'''
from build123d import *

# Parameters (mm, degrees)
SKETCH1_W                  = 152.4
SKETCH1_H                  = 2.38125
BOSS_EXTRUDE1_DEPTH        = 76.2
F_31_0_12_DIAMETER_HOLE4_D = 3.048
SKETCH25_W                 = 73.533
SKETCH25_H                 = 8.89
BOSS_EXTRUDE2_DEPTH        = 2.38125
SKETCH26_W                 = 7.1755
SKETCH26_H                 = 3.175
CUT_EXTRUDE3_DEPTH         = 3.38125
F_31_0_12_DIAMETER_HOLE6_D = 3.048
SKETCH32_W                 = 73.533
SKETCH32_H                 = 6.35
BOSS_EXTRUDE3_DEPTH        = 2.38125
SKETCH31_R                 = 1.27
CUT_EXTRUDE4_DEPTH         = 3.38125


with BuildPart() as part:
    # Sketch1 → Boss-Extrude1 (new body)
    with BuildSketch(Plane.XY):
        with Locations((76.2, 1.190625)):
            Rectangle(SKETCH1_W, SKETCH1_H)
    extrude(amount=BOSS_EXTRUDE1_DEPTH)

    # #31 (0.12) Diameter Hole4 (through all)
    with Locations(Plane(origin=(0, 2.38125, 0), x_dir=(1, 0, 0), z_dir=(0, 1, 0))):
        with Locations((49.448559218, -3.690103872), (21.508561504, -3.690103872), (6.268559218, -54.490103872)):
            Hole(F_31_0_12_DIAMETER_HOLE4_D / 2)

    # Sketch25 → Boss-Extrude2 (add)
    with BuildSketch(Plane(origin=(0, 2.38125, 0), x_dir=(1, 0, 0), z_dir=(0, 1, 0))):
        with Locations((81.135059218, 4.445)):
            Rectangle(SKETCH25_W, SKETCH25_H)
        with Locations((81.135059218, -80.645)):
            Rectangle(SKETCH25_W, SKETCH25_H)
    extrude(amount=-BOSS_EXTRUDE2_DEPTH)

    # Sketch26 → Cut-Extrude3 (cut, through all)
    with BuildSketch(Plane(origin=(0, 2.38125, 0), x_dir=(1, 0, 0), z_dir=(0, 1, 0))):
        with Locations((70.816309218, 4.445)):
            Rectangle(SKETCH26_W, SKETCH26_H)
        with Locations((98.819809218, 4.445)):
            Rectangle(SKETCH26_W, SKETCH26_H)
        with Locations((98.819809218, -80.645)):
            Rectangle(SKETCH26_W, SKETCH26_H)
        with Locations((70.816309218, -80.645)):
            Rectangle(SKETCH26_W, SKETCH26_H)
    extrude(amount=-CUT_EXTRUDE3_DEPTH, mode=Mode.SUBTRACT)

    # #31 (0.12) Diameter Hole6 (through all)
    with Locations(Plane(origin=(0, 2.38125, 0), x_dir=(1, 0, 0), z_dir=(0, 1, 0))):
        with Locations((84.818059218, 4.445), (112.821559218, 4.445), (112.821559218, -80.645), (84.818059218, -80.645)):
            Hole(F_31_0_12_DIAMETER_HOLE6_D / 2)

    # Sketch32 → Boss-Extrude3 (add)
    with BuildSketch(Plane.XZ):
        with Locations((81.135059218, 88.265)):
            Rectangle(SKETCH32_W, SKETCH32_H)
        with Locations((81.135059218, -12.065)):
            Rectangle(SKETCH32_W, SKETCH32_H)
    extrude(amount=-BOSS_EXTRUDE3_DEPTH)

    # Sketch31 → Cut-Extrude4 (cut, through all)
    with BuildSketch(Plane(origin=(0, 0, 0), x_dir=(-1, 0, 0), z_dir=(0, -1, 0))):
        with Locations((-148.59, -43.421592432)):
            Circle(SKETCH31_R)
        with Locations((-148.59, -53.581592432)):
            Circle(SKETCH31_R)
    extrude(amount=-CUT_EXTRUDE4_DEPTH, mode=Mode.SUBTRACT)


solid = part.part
'''
### Your instructions
Note every line of the entries in which "amount" appears, and copy it down.

### Problem solution
    extrude(amount=BOSS_EXTRUDE1_DEPTH)
    extrude(amount=-BOSS_EXTRUDE2_DEPTH)
    extrude(amount=-CUT_EXTRUDE3_DEPTH, mode=Mode.SUBTRACT)
    extrude(amount=-BOSS_EXTRUDE3_DEPTH)
    extrude(amount=-CUT_EXTRUDE4_DEPTH, mode=Mode.SUBTRACT)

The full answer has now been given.